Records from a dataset
◆ ◆ ◆ ◆
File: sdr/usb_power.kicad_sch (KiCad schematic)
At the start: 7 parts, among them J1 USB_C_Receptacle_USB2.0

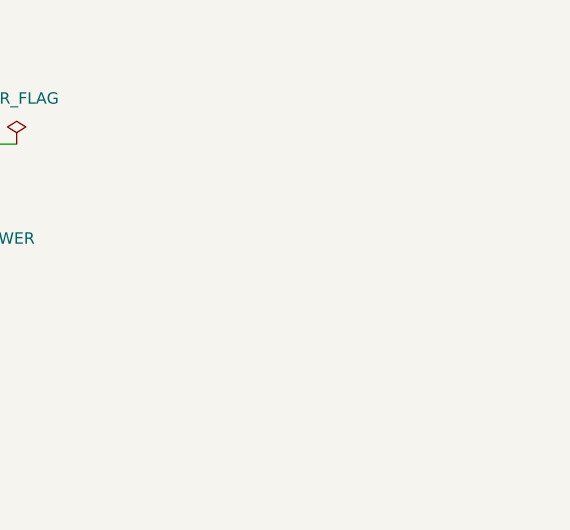
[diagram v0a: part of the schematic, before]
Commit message: Added 3.3V LDO and CPU sheet
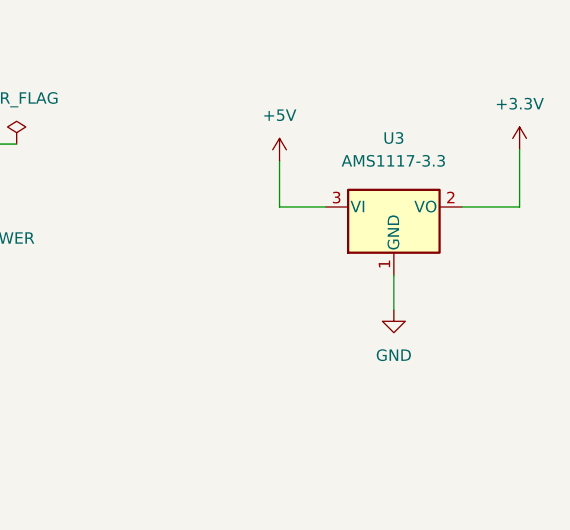
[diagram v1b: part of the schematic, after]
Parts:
- added U3: AMS1117-3.3, Package_TO_SOT_SMD:SOT-223-3_TabPin2, symbol Regulator_Linear:AMS1117-3.3
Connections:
- net +5V: now also U3.3 (VI)
- net GND: now also U3.1 (GND)
- new net +3.3V: U3.2 (VO)
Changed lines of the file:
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@@
+    (stroke (width 0) (type default) (color 0 0 0 0))
+  )
+  (wire (pts (xy 220.98 86.36) (xy 220.98 90.17))
+    (stroke (width 0) (type default) (color 0 0 0 0))
+  )
+  (wire (pts (xy 208.28 78.74) (xy 213.36 78.74))
     (stroke (width 0) (type default) (color 0 0 0 0))
   )
@@
     (stroke (width 0) (type default) (color 0 0 0 0))
   )
+  (wire (pts (xy 234.95 78.74) (xy 234.95 72.39))
+    (stroke (width 0) (type default) (color 0 0 0 0))
+  )
   (wire (pts (xy 156.21 71.755) (xy 160.655 71.755))
     (stroke (width 0) (type default) (color 0 0 0 0))
@@
     (stroke (width 0) (type default) (color 0 0 0 0))
   )
+  (wire (pts (xy 208.28 73.66) (xy 208.28 78.74))
+    (stroke (width 0) (type default) (color 0 0 0 0))
+  )
+  (wire (pts (xy 228.6 78.74) (xy 234.95 78.74))
+    (stroke (width 0) (type default) (color 0 0 0 0))
+  )
   (wire (pts (xy 148.59 88.265) (xy 148.59 89.535))
     (stroke (width 0) (type default) (color 0 0 0 0))
@@
   (wire (pts (xy 120.015 112.395) (xy 120.015 115.57))
     (stroke (width 0) (type default) (color 0 0 0 0))
+  )
+  (symbol (lib_id "Regulator_Linear:AMS1117-3.3") (at 220.98 78.74 0) (unit 1)
+    (in_bom yes) (on_board yes) (fields_autoplaced)
+    (property "Reference" "U3" (id 0) (at 220.98 71.12 0))
+    (property "Value" "AMS1117-3.3" (id 1) (at 220.98 73.66 0))
+    (property "Footprint" "Package_TO_SOT_SMD:SOT-223-3_TabPin2" (id 2) (at 220.98 73.66 0)
+      (effects (font (size 1.27 1.27)) hide)
+    )
+    (property "Datasheet" "http://www.advanced-monolithic.com/pdf/ds1117.pdf" (id 3) (at 223.52 85.09 0)
+      (effects (font (size 1.27 1.27)) hide)
+    )
+    (property "LCSC" "C6186" (id 4) (at 220.98 78.74 0)
+      (effects (font (size 1.27 1.27)) hide)
+    )
+    (pin "1")
+    (pin "2")
+    (pin "3")
   )
   (symbol (lib_id "Connector:USB_C_Receptacle_USB2.0") (at 123.825 86.995 0) (unit 1)
@@
     (pin "1")
   )
+  (symbol (lib_name "+5V_1") (lib_id "power:+5V") (at 208.28 73.66 0) (unit 1)
+    (in_bom yes) (on_board yes) (fields_autoplaced)
+    (property "Reference" "#PWR015" (id 0) (at 208.28 77.47 0)
+      (effects (font (size 1.27 1.27)) hide)
+    )
+    (property "Value" "+5V" (id 1) (at 208.28 68.58 0))
+    (property "Footprint" "" (id 2) (at 208.28 73.66 0)
+      (effects (font (size 1.27 1.27)) hide)
+    )
+    (property "Datasheet" "" (id 3) (at 208.28 73.66 0)
+      (effects (font (size 1.27 1.27)) hide)
+    )
+    (pin "1")
+  )
   (symbol (lib_id "Device:R") (at 170.815 90.805 0) (unit 1)
     (in_bom yes) (on_board yes) (fields_autoplaced)
@@
     (pin "1")
     (pin "2")
+  )
+  (symbol (lib_id "power:GND") (at 220.98 90.17 0) (unit 1)
+    (in_bom yes) (on_board yes) (fields_autoplaced)
+    (property "Reference" "#PWR016" (id 0) (at 220.98 96.52 0)
+      (effects (font (size 1.27 1.27)) hide)
+    )
+    (property "Value" "GND" (id 1) (at 220.98 95.25 0))
+    (property "Footprint" "" (id 2) (at 220.98 90.17 0)
+      (effects (font (size 1.27 1.27)) hide)
+    )
+    (property "Datasheet" "" (id 3) (at 220.98 90.17 0)
+      (effects (font (size 1.27 1.27)) hide)
+    )
+    (property "JLCPCB" "C2296" (id 4) (at 220.98 90.17 0)
+      (effects (font (size 1.27 1.27)) hide)
+    )
+    (pin "1")
   )
   (symbol (lib_id "Device:LED") (at 170.815 79.375 90) (unit 1)
@@
       (effects (font (size 1.27 1.27)) hide)
     )
+    (pin "1")
+  )
+  (symbol (lib_id "power:+3.3V") (at 234.95 72.39 0) (unit 1)
+    (in_bom yes) (on_board yes) (fields_autoplaced)
+    (property "Reference" "#PWR017" (id 0) (at 234.95 76.2 0)
+      (effects (font (size 1.27 1.27)) hide)
+    )
+    (property "Value" "+3.3V" (id 1) (at 234.95 67.31 0))
+    (property "Footprint" "" (id 2) (at 234.95 72.39 0)
+      (effects (font (size 1.27 1.27)) hide)
+    )
+    (property "Datasheet" "" (id 3) (at 234.95 72.39 0)
+      (effects (font (size 1.27 1.27)) hide)
+    )

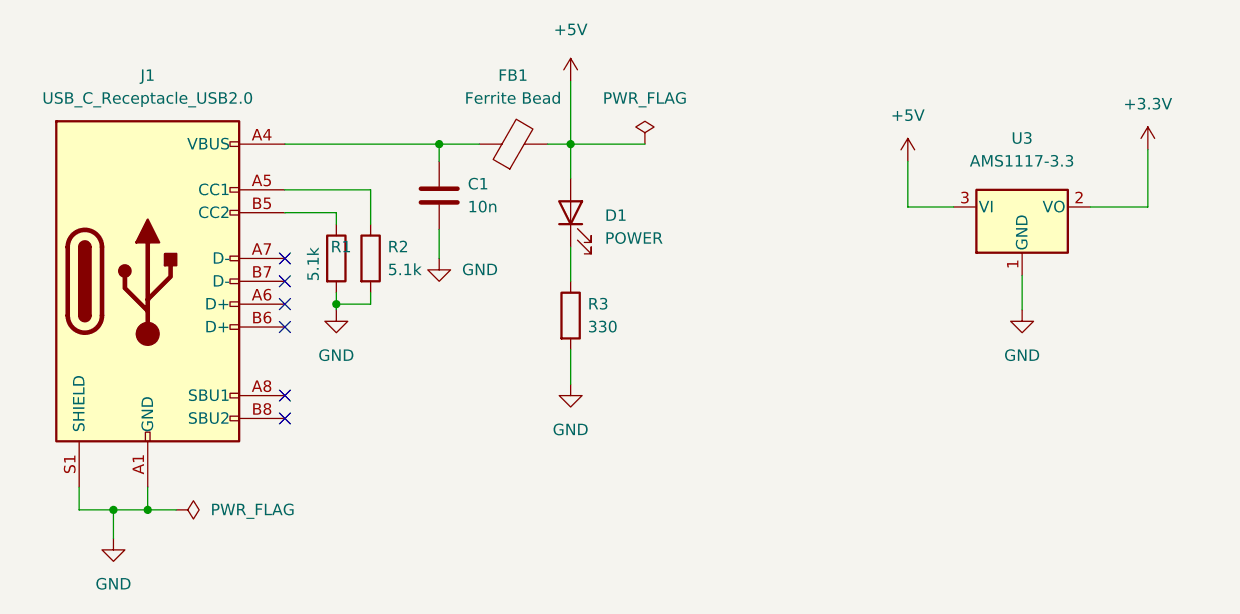
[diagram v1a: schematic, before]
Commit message: Update lots of things. Now have basic CPU as well as some crude mixers
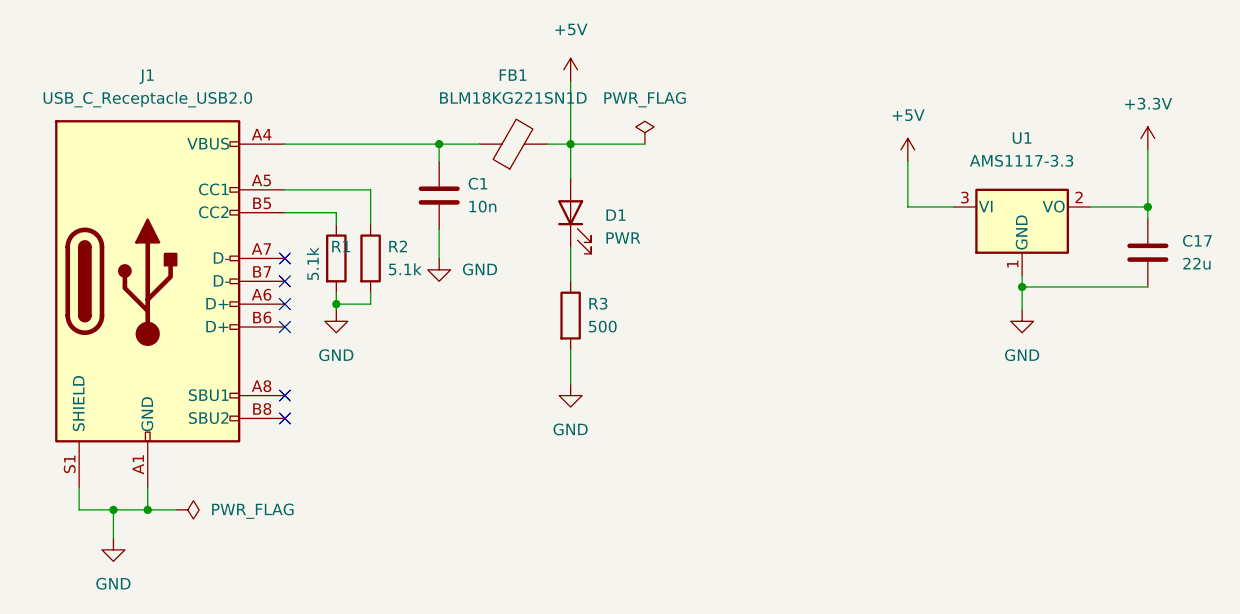
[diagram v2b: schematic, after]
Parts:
- added C17: 22u, Capacitor_SMD:C_1206_3216Metric, symbol Device:C
- D1: value POWER -> PWR
- FB1: value Ferrite Bead -> BLM18KG221SN1D
- R3: value 330 -> 500; LCSC C22962 -> (none)
- renumbered U3 to U1
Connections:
- net +3.3V: now also C17.1
- net GND: now also C17.2
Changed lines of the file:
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@@
   (junction (at 170.815 71.755) (diameter 0) (color 0 0 0 0)
   )
+  (junction (at 234.95 78.74) (diameter 0) (color 0 0 0 0)
+  )
   (junction (at 120.015 112.395) (diameter 0) (color 0 0 0 0)
   )
@@
   )
   (junction (at 156.21 71.755) (diameter 0) (color 0 0 0 0)
+  )
+  (junction (at 220.98 87.63) (diameter 0) (color 0 0 0 0)
   )
   (no_connect (at 139.065 102.235))
@@
     (stroke (width 0) (type default) (color 0 0 0 0))
   )
+  (wire (pts (xy 234.95 78.74) (xy 234.95 80.01))
+    (stroke (width 0) (type default) (color 0 0 0 0))
+  )
   (wire (pts (xy 168.275 71.755) (xy 170.815 71.755))
     (stroke (width 0) (type default) (color 0 0 0 0))
@@
     (stroke (width 0) (type default) (color 0 0 0 0))
   )
-  (wire (pts (xy 220.98 86.36) (xy 220.98 90.17))
+  (wire (pts (xy 220.98 86.36) (xy 220.98 87.63))
     (stroke (width 0) (type default) (color 0 0 0 0))
   )
@@
     (stroke (width 0) (type default) (color 0 0 0 0))
   )
+  (wire (pts (xy 220.98 87.63) (xy 234.95 87.63))
+    (stroke (width 0) (type default) (color 0 0 0 0))
+  )
   (wire (pts (xy 234.95 78.74) (xy 234.95 72.39))
     (stroke (width 0) (type default) (color 0 0 0 0))
@@
     (stroke (width 0) (type default) (color 0 0 0 0))
   )
+  (wire (pts (xy 220.98 87.63) (xy 220.98 90.17))
+    (stroke (width 0) (type default) (color 0 0 0 0))
+  )
   (symbol (lib_id "Regulator_Linear:AMS1117-3.3") (at 220.98 78.74 0) (unit 1)
     (in_bom yes) (on_board yes) (fields_autoplaced)
-    (property "Reference" "U3" (id 0) (at 220.98 71.12 0))
+    (property "Reference" "U1" (id 0) (at 220.98 71.12 0))
     (property "Value" "AMS1117-3.3" (id 1) (at 220.98 73.66 0))
     (property "Footprint" "Package_TO_SOT_SMD:SOT-223-3_TabPin2" (id 2) (at 220.98 73.66 0)
@@
     (pin "2")
     (pin "3")
+  )
+  (symbol (lib_id "Device:C") (at 234.95 83.82 0) (unit 1)
+    (in_bom yes) (on_board yes) (fields_autoplaced)
+    (property "Reference" "C17" (id 0) (at 238.76 82.5499 0)
+      (effects (font (size 1.27 1.27)) (justify left))
+    )
+    (property "Value" "22u" (id 1) (at 238.76 85.0899 0)
+      (effects (font (size 1.27 1.27)) (justify left))
+    )
+    (property "Footprint" "Capacitor_SMD:C_1206_3216Metric" (id 2) (at 235.9152 87.63 0)
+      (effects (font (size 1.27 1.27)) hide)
◆ ◆ ◆ ◆
• [Requirement]: Whichever lines of the records above hold the word "also" should all be copied out.

• [Reply]:
- net +5V: now also U3.3 (VI)
- net GND: now also U3.1 (GND)
- net +3.3V: now also C17.1
- net GND: now also C17.2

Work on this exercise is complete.